Key question: How does IBM think about optical/photonic quantum approaches versus superconducting – and why is silicon strategic?

IBM’s answer emphasized a practical scaling argument in that the technologies which can be manufactured and iterated on silicon tend to improve faster because iteration cycles are shorter and the ecosystem is mature. The core point was to highlight iteration speed and manufacturability as strategic differentiators.

Key Message: IBM is optimizing where iteration cycles and manufacturability can create a flywheel. Silicon-centric approaches have structural advantages in speed of iteration.

Key question: Quantum + security – when do we break classical crypto, and what should customers do now?

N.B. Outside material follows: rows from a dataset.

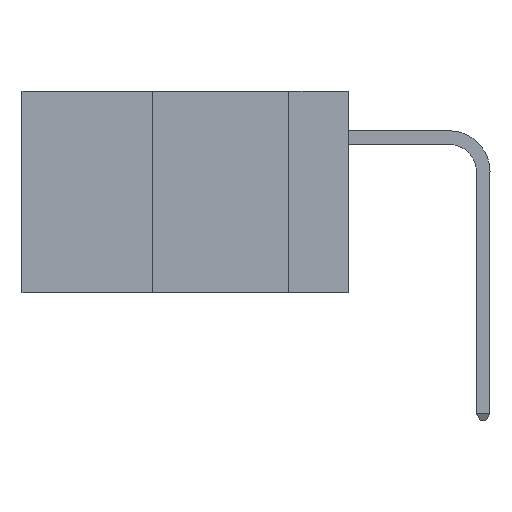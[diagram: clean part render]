
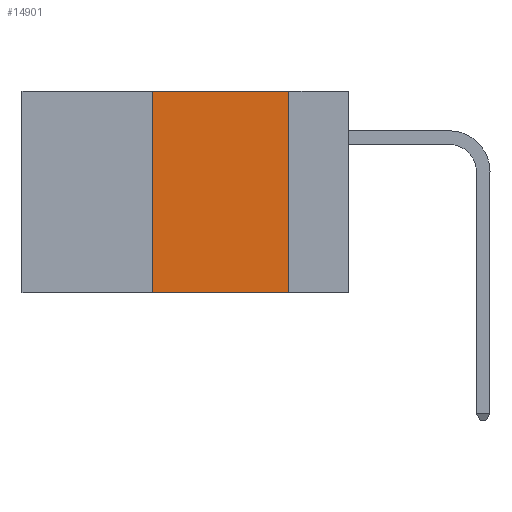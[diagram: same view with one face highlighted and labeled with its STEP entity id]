
A CAD part, left-side view. The second image highlights one B-rep face of the part: STEP entity #14901.
In plain terms, the highlighted planar face has unit normal (-1, 0, 0).
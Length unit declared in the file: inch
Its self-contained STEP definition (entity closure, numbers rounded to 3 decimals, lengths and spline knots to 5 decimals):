
#275 = VERTEX_POINT ( 'NONE', #1894 ) ;
#1609 = ORIENTED_EDGE ( 'NONE', *, *, #4939, .F. ) ;
#1894 = CARTESIAN_POINT ( 'NONE',  ( 0., 0.11, 0. ) ) ;
#2205 = DIRECTION ( 'NONE',  ( 0., 0., -1. ) ) ;
#2720 = VERTEX_POINT ( 'NONE', #28365 ) ;
#2820 = DIRECTION ( 'NONE',  ( 0., 0., 1. ) ) ;
#3170 = CARTESIAN_POINT ( 'NONE',  ( 0., 0.6, 0. ) ) ;
#3417 = AXIS2_PLACEMENT_3D ( 'NONE', #3170, #20290, #5637 ) ;
#4269 = EDGE_CURVE ( 'NONE', #275, #2720, #12513, .T. ) ;
#4823 = CARTESIAN_POINT ( 'NONE',  ( 0., 0.36, 0. ) ) ;
#4939 = EDGE_CURVE ( 'NONE', #23769, #31460, #12090, .T. ) ;
#5448 = CARTESIAN_POINT ( 'NONE',  ( 0., 0.36, -0.37 ) ) ;
#5637 = DIRECTION ( 'NONE',  ( 0., 0., -1. ) ) ;
#6995 = ORIENTED_EDGE ( 'NONE', *, *, #13112, .F. ) ;
#8552 = ORIENTED_EDGE ( 'NONE', *, *, #22009, .T. ) ;
#10133 = CARTESIAN_POINT ( 'NONE',  ( 0., 0.11, 0. ) ) ;
#10370 = ORIENTED_EDGE ( 'NONE', *, *, #4269, .F. ) ;
#11276 = LINE ( 'NONE', #30667, #30806 ) ;
#12090 = LINE ( 'NONE', #12567, #17840 ) ;
#12513 = LINE ( 'NONE', #10133, #24786 ) ;
#12567 = CARTESIAN_POINT ( 'NONE',  ( 0., 0.36, 0. ) ) ;
#13112 = EDGE_CURVE ( 'NONE', #31460, #275, #11276, .T. ) ;
#14676 = CARTESIAN_POINT ( 'NONE',  ( 0., 0.6, -0.37 ) ) ;
#14901 = ADVANCED_FACE ( 'NONE', ( #21891 ), #27595, .F. ) ;
#16019 = DIRECTION ( 'NONE',  ( 0., -1., 0. ) ) ;
#17078 = VECTOR ( 'NONE', #17134, 39.37008 ) ;
#17134 = DIRECTION ( 'NONE',  ( 0., -1., 0. ) ) ;
#17840 = VECTOR ( 'NONE', #2820, 39.37008 ) ;
#20290 = DIRECTION ( 'NONE',  ( 1., 0., 0. ) ) ;
#21891 = FACE_OUTER_BOUND ( 'NONE', #23238, .T. ) ;
#22009 = EDGE_CURVE ( 'NONE', #23769, #2720, #30115, .T. ) ;
#23238 = EDGE_LOOP ( 'NONE', ( #10370, #6995, #1609, #8552 ) ) ;
#23769 = VERTEX_POINT ( 'NONE', #5448 ) ;
#24786 = VECTOR ( 'NONE', #2205, 39.37008 ) ;
#27595 = PLANE ( 'NONE',  #3417 ) ;
#28365 = CARTESIAN_POINT ( 'NONE',  ( 0., 0.11, -0.37 ) ) ;
#30115 = LINE ( 'NONE', #14676, #17078 ) ;
#30667 = CARTESIAN_POINT ( 'NONE',  ( 0., 0.6, 0. ) ) ;
#30806 = VECTOR ( 'NONE', #16019, 39.37008 ) ;
#31460 = VERTEX_POINT ( 'NONE', #4823 ) ;

The discussion underscored two parallel tracks: 1) The industry transition to post-quantum cryptography (PQC) standards and implementations, and 2) IBM’s posture that customers shouldn’t wait for the break moment to address the risk because migration planning, inventorying where crypto lives, and staged rollouts take time.

Key Message: Harvest crypto now, decrypt later risk is a forcing function for customers and enterprises should move sooner on PQC roadmaps rather than treating it as a 2029+ problem.

Key question: How does quantum adoption scale – direct consumption from IBM, through partners, or via service providers?

IBM described a view where early use cases are driven by scientists and advanced users, but where broader adoption will require experimenting with business models and routes to market – including working with startups, GSIs, and regional providers. IBM is actively testing models rather than declaring a single universal consumption approach now.

Key Message: The adoption scenario IBM put forth is unsurprisingly hybrid. Signaling direct access for advanced users, partner-led packaging for industry solutions, and multiple business models tested in-market before IBM commits to a single “winner.”

Our take – IBM’s open software, integrated engineering posture with quantum is potentially a back to the future moment

We believe this AMA shows IBM playing a two-level game:

  • Openness as the adoption angle: Qiskit, libraries, and partner integration are the ecosystem hook. IBM can’t build a quantum market alone, and the fastest path to developer mindshare is open software and a partner-friendly posture that plugs into national lab and HPC realities.
  • Deep integration as the differentiator: Quantum is still an engineering problem – cryogenics, packaging, wiring density, controls, error reduction. That’s where IBM’s vertical integration can create advantage, similar to what we’ve seen in mainframe markets.

The trick is to keep those two vectors in balance. In other words, be open enough that the ecosystem can make money and build on top; while being integrated enough that IBM delivers a system that works at scale and gets better with each generation.

Key Message: IBM has an opening to be the platform company in quantum – if it keeps Qiskit and the partner ecosystem open, while continuing to win the engineering race underneath.

Action item: Don’t be lulled into a sense of complacency with forecasts that suggest quantum is a next decade trend. Treat PQC with urgency and consider it a 2026 project. Inventory where cryptography lives (apps, APIs, third-party SaaS, etc.), prioritize crown jewel data and any long-retention records, and affect a phased migration plan with test environments and vendor deadlines. Assume adversaries can harvest encrypted data now and decrypt later, so the work has to start before the quantum day arrives.

At the same time, quantum computing itself is a lab + partner trend for the next several years. Assign a small team to track IBM’s roadmap, run targeted proofs in simulation/optimization where it fits, and build internal literacy, but don’t let it distract from PQC readiness and agentic buildouts. PQC is the near-term risk management imperative; quantum advantage is the longer-cycle opportunity but AI is today’s priority.